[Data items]
_____
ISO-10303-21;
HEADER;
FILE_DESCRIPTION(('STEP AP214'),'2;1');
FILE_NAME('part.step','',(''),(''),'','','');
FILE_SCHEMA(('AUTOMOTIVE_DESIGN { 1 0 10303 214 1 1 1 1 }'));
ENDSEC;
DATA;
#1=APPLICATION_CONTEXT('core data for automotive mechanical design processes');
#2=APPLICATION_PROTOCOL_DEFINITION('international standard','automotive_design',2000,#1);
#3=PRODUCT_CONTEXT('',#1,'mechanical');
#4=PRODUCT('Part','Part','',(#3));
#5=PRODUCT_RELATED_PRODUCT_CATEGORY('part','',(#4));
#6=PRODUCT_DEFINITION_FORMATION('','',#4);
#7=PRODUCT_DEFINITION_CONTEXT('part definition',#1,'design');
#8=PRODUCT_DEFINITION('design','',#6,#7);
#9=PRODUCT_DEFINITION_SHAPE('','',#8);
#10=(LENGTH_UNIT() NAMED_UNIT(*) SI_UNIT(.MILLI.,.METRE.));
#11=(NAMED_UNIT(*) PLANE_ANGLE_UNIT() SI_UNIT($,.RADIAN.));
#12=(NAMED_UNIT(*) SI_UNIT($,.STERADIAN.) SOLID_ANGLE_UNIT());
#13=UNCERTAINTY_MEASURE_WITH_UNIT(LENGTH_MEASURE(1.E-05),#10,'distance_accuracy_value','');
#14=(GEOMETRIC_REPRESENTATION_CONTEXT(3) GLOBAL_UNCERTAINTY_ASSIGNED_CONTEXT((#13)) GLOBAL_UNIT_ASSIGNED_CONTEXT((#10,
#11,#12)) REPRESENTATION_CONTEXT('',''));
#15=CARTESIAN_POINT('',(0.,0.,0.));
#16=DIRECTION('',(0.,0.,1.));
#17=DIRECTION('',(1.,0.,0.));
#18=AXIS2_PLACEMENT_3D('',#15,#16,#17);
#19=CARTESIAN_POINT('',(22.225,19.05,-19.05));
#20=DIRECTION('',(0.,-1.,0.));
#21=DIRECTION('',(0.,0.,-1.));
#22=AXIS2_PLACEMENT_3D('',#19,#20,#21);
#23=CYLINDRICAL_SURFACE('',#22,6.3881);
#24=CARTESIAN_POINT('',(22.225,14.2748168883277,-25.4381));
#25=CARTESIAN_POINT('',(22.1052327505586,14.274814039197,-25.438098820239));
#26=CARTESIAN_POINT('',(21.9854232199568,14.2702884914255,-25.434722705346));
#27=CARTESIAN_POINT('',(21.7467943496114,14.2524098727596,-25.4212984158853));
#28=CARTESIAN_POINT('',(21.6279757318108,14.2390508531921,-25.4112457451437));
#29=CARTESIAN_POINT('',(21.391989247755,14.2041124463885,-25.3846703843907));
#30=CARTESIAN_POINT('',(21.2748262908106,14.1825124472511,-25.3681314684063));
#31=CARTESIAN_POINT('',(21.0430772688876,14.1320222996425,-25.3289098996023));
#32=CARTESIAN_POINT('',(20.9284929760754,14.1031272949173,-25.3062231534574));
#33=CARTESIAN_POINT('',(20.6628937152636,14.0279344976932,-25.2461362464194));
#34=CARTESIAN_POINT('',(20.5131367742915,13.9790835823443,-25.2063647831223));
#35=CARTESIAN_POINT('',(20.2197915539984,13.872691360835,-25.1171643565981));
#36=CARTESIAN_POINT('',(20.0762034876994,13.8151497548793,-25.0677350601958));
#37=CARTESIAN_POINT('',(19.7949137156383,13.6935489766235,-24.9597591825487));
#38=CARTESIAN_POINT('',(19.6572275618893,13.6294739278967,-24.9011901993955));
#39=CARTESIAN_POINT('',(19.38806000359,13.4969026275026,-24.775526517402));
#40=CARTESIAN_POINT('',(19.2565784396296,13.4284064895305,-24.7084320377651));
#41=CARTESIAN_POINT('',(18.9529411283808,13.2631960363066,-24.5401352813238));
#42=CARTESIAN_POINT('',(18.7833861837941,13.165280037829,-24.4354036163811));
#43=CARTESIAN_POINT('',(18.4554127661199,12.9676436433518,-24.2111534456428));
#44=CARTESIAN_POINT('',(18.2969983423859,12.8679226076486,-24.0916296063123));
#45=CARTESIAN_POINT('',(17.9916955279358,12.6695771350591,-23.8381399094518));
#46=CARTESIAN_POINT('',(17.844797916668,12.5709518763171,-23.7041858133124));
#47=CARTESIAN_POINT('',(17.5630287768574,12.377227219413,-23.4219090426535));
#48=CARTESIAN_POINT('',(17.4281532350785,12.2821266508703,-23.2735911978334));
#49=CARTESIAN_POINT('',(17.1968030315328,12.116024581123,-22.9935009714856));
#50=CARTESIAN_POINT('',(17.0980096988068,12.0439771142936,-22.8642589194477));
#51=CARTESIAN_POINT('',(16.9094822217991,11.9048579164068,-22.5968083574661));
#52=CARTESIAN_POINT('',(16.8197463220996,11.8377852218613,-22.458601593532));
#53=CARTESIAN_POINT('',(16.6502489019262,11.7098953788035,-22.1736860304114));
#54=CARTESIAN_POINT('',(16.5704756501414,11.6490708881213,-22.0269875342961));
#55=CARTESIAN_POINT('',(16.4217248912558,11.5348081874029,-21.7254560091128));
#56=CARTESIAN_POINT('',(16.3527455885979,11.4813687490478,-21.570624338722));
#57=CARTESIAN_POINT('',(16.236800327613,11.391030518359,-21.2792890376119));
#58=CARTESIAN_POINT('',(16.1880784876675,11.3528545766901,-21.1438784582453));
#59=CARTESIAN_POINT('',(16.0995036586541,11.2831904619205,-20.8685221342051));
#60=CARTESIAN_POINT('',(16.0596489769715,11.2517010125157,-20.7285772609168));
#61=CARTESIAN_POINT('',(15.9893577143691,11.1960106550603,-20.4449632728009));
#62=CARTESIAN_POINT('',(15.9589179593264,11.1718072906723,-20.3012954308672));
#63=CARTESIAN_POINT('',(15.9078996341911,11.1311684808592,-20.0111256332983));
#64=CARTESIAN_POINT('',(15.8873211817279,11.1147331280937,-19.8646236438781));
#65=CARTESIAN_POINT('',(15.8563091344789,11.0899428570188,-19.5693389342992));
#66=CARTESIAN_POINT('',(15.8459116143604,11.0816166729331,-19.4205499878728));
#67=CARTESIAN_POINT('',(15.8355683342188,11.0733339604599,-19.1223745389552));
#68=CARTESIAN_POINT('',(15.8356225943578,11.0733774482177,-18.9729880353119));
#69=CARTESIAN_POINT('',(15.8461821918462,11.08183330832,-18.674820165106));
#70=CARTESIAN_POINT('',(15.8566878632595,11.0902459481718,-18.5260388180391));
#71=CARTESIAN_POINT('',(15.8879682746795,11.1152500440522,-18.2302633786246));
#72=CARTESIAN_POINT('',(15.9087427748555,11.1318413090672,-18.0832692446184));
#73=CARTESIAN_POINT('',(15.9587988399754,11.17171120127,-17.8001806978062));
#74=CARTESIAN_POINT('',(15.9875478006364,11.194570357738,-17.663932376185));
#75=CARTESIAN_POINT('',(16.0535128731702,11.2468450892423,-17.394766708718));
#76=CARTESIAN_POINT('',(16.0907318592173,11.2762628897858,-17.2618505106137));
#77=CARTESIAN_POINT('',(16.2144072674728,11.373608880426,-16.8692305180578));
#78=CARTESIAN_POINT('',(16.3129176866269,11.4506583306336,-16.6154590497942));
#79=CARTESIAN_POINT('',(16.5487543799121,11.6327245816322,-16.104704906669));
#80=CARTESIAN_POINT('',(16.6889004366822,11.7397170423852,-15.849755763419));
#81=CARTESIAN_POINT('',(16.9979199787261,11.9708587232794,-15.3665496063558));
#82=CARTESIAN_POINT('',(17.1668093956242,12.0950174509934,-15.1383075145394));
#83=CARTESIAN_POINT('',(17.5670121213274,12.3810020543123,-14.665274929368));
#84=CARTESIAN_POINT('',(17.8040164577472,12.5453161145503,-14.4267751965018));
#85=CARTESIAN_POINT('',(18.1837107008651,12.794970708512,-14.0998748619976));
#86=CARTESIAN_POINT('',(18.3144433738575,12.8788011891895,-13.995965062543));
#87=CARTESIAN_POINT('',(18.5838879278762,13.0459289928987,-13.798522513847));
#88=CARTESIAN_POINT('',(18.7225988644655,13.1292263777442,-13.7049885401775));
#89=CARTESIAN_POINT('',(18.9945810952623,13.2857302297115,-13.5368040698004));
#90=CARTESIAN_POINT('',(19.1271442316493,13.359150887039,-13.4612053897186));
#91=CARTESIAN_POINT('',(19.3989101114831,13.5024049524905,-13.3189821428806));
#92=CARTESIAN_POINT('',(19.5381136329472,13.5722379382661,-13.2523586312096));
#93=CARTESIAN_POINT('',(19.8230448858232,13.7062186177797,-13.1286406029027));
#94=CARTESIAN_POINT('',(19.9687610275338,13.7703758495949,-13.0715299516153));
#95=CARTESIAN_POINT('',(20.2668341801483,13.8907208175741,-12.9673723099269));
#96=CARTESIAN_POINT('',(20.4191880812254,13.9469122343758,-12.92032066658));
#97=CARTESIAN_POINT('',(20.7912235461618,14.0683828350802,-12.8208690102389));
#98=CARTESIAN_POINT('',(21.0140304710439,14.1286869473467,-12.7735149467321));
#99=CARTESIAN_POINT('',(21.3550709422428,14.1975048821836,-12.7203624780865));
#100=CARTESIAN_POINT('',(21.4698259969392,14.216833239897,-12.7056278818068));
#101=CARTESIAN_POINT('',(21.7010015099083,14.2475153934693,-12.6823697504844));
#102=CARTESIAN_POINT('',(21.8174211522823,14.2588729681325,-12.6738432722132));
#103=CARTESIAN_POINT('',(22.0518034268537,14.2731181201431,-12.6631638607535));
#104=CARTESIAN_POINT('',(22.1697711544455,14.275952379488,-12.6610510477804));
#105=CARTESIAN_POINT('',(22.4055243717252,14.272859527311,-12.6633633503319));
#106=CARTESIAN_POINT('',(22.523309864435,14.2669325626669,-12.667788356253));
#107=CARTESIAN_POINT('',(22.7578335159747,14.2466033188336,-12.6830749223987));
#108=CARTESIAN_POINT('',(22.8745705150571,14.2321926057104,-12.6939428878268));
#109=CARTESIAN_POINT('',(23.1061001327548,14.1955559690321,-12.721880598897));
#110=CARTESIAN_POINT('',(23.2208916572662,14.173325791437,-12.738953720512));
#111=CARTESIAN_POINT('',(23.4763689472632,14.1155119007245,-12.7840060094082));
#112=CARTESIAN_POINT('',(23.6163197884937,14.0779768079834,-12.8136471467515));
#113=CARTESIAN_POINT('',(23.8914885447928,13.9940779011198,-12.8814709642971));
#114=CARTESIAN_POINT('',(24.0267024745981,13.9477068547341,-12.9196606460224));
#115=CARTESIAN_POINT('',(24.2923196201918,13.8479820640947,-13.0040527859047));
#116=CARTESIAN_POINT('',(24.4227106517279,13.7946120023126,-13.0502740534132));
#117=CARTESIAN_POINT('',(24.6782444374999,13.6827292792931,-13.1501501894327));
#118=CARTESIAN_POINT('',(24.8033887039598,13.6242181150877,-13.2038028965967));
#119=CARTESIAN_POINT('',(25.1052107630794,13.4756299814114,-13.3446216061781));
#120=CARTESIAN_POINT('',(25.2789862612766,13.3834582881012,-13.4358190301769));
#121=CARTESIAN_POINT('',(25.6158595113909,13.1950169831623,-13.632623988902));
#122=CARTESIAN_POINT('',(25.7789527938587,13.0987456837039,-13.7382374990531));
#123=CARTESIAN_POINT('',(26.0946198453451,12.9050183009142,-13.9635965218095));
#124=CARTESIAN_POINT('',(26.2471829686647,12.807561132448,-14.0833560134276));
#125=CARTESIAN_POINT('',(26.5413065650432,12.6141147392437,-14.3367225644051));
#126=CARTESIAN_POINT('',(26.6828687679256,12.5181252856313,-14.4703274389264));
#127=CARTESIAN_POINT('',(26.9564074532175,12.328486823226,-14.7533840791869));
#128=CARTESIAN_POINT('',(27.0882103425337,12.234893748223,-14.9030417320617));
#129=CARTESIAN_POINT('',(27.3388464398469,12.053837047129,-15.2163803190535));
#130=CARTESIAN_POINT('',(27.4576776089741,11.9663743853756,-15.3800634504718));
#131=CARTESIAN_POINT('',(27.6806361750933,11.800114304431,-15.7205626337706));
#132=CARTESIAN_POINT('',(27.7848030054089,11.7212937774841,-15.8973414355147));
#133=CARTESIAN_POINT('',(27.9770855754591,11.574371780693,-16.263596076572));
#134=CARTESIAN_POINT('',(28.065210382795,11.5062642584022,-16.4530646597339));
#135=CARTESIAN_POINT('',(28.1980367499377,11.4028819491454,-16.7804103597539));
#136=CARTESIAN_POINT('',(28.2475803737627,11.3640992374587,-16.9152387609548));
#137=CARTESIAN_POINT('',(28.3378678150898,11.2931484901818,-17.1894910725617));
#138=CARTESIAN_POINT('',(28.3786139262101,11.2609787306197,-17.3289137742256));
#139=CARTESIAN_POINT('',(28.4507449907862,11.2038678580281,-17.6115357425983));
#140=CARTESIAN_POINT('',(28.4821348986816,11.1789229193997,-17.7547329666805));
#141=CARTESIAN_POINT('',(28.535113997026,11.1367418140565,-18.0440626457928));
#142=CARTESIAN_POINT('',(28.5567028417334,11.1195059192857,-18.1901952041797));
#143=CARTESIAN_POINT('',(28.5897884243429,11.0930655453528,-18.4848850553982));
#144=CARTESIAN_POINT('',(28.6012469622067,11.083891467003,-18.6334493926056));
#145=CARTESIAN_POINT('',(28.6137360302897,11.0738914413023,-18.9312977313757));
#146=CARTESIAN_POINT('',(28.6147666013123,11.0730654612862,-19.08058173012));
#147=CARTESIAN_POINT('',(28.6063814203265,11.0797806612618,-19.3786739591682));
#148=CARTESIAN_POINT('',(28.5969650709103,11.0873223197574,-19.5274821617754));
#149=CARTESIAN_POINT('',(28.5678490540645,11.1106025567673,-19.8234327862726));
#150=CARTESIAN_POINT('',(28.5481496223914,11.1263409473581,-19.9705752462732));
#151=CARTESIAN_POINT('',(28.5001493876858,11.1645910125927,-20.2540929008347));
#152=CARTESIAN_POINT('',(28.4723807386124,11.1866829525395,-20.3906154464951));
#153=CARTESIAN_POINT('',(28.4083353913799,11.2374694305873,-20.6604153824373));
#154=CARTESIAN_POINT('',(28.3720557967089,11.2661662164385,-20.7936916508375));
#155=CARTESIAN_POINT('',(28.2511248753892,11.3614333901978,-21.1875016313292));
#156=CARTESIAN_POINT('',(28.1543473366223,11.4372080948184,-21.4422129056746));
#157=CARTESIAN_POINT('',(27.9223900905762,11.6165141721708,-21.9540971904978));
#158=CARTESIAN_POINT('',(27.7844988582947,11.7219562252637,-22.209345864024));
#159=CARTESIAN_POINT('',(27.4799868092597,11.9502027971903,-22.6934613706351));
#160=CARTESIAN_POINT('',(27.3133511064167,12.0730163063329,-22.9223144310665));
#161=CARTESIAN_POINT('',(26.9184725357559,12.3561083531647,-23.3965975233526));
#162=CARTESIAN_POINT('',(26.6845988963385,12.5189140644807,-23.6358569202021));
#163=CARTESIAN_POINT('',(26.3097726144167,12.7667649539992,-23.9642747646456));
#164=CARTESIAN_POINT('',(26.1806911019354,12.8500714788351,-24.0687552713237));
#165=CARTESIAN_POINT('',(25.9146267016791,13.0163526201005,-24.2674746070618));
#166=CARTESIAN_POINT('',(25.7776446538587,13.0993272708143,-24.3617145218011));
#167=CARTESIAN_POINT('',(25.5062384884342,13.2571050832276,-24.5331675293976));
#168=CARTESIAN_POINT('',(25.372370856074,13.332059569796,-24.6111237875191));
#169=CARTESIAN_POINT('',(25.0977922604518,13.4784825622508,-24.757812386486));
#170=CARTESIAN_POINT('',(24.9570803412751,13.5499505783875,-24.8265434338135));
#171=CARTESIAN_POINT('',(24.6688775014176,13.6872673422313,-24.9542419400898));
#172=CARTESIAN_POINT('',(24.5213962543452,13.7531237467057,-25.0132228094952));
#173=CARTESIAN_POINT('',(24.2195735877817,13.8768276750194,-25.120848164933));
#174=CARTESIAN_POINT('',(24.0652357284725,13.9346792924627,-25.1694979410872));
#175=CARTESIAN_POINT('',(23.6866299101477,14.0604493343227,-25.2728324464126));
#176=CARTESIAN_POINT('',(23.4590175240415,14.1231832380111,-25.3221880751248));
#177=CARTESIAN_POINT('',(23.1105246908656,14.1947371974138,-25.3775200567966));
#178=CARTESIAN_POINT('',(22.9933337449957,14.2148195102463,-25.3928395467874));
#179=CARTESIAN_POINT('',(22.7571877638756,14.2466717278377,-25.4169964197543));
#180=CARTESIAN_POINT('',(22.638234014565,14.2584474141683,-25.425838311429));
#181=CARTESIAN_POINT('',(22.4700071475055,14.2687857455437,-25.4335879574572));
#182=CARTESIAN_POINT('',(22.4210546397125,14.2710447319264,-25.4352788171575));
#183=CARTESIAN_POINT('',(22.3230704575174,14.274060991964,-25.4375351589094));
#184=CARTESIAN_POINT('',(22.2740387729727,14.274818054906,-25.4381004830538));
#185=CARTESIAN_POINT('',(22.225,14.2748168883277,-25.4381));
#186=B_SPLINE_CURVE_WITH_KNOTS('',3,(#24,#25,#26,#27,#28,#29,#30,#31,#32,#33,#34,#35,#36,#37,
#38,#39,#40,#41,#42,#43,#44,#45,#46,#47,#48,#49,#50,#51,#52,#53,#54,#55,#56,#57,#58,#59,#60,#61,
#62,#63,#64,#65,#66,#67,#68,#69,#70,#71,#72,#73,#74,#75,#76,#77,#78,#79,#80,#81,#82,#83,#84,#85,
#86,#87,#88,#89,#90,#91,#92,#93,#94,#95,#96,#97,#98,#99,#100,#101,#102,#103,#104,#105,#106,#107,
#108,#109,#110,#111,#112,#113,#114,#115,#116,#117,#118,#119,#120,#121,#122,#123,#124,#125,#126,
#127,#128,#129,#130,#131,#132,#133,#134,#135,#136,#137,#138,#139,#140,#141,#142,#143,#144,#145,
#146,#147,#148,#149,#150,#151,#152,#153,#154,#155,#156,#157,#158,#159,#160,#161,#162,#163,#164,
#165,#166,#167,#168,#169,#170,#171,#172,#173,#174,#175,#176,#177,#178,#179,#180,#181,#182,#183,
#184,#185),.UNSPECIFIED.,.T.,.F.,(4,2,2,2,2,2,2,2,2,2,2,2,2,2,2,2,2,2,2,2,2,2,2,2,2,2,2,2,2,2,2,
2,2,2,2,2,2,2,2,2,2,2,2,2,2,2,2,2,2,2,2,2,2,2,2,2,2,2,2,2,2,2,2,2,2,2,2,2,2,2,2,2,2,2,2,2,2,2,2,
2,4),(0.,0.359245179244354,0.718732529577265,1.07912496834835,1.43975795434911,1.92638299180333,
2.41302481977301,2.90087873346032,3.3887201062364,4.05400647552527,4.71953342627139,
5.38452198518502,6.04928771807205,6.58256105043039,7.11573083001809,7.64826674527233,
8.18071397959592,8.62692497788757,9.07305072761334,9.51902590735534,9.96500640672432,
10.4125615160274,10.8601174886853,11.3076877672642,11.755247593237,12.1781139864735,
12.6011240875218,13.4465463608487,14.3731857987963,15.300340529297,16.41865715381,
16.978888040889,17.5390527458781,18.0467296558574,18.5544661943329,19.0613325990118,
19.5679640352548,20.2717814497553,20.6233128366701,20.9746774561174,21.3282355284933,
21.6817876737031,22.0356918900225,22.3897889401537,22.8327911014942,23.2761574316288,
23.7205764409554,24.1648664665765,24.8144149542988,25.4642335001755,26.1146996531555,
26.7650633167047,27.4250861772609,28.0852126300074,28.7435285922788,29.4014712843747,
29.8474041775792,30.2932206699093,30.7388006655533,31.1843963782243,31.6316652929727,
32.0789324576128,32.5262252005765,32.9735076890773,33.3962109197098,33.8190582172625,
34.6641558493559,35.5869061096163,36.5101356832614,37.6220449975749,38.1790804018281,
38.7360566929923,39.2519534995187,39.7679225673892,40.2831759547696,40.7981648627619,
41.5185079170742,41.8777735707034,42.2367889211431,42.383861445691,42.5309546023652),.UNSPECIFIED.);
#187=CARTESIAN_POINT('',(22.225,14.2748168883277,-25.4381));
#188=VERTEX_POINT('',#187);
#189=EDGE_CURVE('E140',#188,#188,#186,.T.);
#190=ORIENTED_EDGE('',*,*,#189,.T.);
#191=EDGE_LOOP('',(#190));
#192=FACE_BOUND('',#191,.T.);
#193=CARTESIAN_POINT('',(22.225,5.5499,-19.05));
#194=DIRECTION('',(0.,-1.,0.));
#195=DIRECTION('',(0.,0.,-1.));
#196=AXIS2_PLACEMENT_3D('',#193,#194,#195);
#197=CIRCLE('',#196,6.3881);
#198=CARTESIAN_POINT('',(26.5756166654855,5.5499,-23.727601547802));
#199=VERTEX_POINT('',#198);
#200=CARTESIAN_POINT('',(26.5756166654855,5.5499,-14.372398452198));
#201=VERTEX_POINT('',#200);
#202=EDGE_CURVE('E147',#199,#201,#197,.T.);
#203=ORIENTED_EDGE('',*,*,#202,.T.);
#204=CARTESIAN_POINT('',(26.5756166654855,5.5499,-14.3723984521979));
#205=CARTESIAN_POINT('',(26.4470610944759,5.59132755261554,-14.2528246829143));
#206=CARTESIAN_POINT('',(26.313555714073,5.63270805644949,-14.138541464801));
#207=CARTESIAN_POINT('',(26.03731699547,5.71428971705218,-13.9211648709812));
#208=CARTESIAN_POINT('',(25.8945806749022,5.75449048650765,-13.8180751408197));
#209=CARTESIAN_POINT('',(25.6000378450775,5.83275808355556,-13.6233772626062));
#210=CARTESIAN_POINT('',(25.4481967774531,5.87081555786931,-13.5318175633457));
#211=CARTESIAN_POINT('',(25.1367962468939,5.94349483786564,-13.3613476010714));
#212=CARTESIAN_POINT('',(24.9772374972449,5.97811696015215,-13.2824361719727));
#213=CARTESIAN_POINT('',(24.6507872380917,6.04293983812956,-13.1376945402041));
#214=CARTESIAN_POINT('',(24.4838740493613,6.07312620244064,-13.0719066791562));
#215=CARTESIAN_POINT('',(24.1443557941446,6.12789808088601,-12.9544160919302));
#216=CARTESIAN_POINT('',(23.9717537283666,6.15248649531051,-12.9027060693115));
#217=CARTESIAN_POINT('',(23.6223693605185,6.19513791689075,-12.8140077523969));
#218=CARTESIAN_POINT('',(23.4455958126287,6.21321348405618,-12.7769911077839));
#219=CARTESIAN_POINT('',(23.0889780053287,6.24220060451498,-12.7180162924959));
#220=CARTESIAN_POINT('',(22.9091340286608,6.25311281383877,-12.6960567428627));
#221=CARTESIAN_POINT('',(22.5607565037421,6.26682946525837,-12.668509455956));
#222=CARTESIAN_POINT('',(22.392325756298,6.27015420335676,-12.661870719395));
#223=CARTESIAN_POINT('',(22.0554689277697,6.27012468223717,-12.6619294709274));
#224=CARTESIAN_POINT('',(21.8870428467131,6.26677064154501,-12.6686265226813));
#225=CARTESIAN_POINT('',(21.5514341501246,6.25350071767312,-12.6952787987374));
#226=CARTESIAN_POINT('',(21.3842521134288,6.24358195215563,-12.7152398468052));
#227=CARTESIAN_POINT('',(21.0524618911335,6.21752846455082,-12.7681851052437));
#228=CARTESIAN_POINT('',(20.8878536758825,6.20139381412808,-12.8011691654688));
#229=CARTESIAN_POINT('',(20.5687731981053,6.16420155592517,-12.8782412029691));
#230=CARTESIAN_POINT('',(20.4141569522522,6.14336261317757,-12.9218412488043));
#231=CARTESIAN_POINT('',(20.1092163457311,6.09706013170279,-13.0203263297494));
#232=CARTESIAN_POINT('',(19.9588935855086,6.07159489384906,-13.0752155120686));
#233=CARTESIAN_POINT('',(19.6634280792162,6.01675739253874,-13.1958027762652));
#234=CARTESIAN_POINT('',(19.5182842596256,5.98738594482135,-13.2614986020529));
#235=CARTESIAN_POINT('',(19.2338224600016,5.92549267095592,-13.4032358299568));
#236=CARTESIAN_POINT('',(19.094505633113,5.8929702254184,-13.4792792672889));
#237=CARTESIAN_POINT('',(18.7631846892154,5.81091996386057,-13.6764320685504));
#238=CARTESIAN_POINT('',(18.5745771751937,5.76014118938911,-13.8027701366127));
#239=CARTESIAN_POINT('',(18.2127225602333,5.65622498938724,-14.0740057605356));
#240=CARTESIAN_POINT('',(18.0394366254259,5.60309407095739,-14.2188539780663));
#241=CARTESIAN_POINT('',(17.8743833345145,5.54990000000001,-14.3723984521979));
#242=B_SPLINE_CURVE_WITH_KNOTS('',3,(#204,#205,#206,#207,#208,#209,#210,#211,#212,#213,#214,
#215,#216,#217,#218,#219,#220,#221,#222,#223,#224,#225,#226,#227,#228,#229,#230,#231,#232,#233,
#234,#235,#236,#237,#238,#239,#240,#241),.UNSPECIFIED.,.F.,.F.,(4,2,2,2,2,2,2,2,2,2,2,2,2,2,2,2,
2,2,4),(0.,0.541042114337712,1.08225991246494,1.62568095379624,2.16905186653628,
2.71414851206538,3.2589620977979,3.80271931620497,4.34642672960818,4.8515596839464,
_____
**TASK OBJECTIVE**
Among the lines above, which ones hold the string "mechanical"? Show them.

**SOLUTION TO THIS EXERCISE**
#1=APPLICATION_CONTEXT('core data for automotive mechanical design processes');
#3=PRODUCT_CONTEXT('',#1,'mechanical');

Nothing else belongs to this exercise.